(DATASET ENTRIES begins)

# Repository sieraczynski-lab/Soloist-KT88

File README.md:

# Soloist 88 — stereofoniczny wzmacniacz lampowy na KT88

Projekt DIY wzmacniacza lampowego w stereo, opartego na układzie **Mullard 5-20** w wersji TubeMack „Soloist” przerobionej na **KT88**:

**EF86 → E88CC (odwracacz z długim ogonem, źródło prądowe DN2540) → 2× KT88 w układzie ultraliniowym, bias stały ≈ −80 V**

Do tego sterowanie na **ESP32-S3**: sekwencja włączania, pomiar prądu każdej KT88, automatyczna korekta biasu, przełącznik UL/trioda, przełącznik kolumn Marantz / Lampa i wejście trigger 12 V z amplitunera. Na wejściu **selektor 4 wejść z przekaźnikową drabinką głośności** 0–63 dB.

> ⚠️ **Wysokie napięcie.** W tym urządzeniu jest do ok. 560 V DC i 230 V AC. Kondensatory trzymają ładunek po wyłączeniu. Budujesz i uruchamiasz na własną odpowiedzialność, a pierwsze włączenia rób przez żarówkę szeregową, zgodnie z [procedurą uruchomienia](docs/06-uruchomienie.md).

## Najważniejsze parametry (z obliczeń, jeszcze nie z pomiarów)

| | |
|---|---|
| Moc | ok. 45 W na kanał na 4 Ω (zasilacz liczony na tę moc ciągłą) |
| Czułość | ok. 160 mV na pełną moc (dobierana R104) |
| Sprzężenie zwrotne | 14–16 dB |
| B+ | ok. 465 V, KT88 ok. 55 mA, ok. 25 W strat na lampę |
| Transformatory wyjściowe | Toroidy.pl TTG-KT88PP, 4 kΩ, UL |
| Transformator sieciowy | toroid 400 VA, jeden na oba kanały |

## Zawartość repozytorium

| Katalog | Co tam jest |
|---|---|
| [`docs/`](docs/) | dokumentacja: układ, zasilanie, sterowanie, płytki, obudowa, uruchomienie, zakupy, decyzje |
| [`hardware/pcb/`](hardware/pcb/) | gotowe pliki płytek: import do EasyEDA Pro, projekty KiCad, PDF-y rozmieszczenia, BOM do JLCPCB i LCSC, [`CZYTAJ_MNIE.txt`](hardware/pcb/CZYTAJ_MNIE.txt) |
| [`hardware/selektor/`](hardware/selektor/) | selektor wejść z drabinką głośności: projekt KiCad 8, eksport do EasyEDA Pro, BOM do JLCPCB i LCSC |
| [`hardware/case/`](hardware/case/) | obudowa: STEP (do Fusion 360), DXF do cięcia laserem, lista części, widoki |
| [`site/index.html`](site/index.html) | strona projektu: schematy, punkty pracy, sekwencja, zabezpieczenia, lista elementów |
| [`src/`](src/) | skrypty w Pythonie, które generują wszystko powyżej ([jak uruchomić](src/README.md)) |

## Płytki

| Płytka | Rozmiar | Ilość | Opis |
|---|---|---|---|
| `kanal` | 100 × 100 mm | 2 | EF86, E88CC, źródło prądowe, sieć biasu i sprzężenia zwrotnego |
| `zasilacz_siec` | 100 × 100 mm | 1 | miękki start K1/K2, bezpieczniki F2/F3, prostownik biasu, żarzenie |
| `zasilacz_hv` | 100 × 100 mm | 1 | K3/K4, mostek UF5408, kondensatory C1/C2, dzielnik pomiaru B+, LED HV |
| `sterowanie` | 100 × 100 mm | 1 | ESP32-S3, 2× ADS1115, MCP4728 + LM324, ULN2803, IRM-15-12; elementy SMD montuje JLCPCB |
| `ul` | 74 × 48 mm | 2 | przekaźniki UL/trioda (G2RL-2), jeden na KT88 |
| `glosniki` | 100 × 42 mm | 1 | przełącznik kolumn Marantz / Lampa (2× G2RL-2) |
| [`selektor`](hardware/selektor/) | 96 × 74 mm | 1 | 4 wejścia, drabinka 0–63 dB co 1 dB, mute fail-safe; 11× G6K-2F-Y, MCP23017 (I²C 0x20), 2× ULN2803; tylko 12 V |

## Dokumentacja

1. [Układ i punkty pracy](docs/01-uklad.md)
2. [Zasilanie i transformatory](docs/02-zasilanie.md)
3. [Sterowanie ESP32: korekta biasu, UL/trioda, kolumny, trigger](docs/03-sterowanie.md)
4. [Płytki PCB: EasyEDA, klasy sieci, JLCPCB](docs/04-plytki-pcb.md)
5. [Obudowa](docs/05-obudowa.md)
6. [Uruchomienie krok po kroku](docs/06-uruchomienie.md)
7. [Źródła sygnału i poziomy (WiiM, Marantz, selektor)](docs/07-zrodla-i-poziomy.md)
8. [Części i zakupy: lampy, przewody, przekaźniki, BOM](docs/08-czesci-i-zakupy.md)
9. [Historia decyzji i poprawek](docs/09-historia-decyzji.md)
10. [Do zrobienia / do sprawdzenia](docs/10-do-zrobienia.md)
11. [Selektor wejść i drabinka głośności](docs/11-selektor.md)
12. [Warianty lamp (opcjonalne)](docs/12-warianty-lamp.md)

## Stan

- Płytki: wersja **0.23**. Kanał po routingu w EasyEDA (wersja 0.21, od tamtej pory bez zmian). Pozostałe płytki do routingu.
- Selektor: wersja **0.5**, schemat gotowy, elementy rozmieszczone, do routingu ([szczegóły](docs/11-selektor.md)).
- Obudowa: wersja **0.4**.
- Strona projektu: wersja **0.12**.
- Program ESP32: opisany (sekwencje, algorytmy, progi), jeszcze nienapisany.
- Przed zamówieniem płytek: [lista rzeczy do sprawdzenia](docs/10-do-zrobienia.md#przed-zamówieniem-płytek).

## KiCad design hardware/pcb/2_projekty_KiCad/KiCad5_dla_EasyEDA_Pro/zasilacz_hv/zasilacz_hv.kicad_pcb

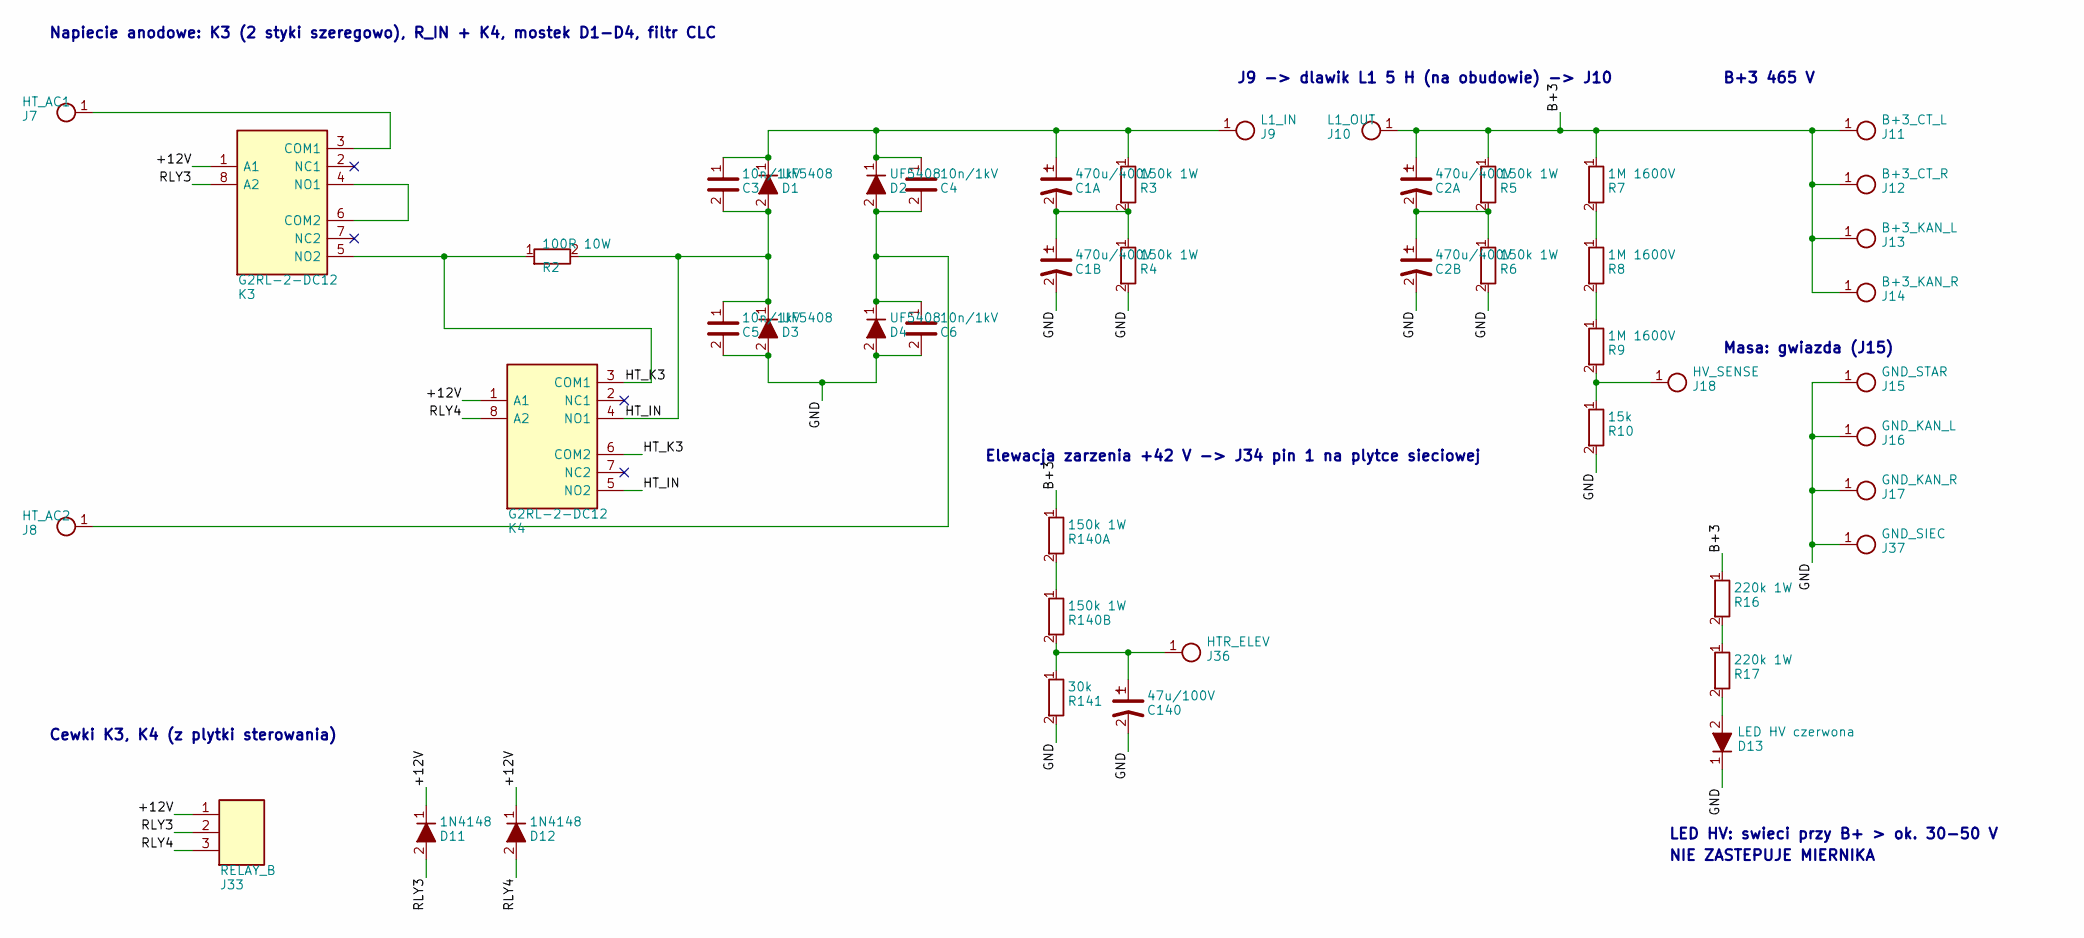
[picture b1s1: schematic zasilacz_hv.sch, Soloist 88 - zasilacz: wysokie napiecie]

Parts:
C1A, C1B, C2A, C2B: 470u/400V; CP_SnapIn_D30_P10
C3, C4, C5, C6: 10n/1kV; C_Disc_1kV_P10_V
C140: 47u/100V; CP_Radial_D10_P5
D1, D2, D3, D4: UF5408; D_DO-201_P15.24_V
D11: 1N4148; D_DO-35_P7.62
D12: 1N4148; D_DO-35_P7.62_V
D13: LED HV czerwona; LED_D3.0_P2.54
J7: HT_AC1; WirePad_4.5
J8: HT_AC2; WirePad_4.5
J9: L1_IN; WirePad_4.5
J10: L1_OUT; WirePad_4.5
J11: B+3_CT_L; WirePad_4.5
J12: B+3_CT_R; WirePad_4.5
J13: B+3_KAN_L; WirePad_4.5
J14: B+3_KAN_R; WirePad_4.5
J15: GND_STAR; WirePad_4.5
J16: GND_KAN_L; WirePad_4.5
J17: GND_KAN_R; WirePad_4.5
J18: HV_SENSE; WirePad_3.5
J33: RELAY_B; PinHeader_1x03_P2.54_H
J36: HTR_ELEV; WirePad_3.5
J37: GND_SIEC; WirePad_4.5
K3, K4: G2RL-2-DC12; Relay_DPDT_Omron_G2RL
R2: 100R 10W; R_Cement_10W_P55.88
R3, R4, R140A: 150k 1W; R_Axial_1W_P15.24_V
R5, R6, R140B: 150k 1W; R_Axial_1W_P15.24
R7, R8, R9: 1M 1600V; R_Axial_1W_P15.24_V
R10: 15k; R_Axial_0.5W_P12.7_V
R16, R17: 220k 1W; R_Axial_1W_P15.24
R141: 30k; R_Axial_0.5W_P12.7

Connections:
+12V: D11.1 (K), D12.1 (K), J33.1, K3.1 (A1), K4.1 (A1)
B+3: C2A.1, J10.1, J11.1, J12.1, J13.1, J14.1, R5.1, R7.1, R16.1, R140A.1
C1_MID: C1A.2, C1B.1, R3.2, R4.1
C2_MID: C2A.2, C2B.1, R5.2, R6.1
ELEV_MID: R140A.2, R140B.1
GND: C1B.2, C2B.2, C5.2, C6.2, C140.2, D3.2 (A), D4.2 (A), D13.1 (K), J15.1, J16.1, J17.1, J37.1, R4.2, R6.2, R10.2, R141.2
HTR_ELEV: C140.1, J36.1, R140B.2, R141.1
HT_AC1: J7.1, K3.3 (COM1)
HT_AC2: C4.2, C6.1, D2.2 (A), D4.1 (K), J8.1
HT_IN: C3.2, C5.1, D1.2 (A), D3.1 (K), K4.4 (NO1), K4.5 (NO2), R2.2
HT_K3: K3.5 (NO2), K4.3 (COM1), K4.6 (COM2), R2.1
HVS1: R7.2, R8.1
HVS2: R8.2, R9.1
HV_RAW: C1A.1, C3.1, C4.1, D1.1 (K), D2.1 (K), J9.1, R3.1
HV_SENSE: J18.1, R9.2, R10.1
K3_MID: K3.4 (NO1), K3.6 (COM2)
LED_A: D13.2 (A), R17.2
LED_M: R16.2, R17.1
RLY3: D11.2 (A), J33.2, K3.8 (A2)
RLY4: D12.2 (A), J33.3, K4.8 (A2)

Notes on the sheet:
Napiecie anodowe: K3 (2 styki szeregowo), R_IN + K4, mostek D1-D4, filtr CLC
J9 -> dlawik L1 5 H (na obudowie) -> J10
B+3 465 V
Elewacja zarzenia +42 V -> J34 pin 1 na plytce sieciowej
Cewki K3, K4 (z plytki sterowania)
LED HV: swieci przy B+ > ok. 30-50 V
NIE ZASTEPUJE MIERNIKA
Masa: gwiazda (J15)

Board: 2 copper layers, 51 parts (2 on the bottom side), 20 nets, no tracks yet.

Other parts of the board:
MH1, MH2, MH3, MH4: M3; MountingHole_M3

(DATASET ENTRIES ends)

_ACTIVITY:_ Pull out every line of the records that includes the string "plytki".

_EXPECTED ANSWER:_
4. [Płytki PCB: EasyEDA, klasy sieci, JLCPCB](docs/04-plytki-pcb.md)
Cewki K3, K4 (z plytki sterowania)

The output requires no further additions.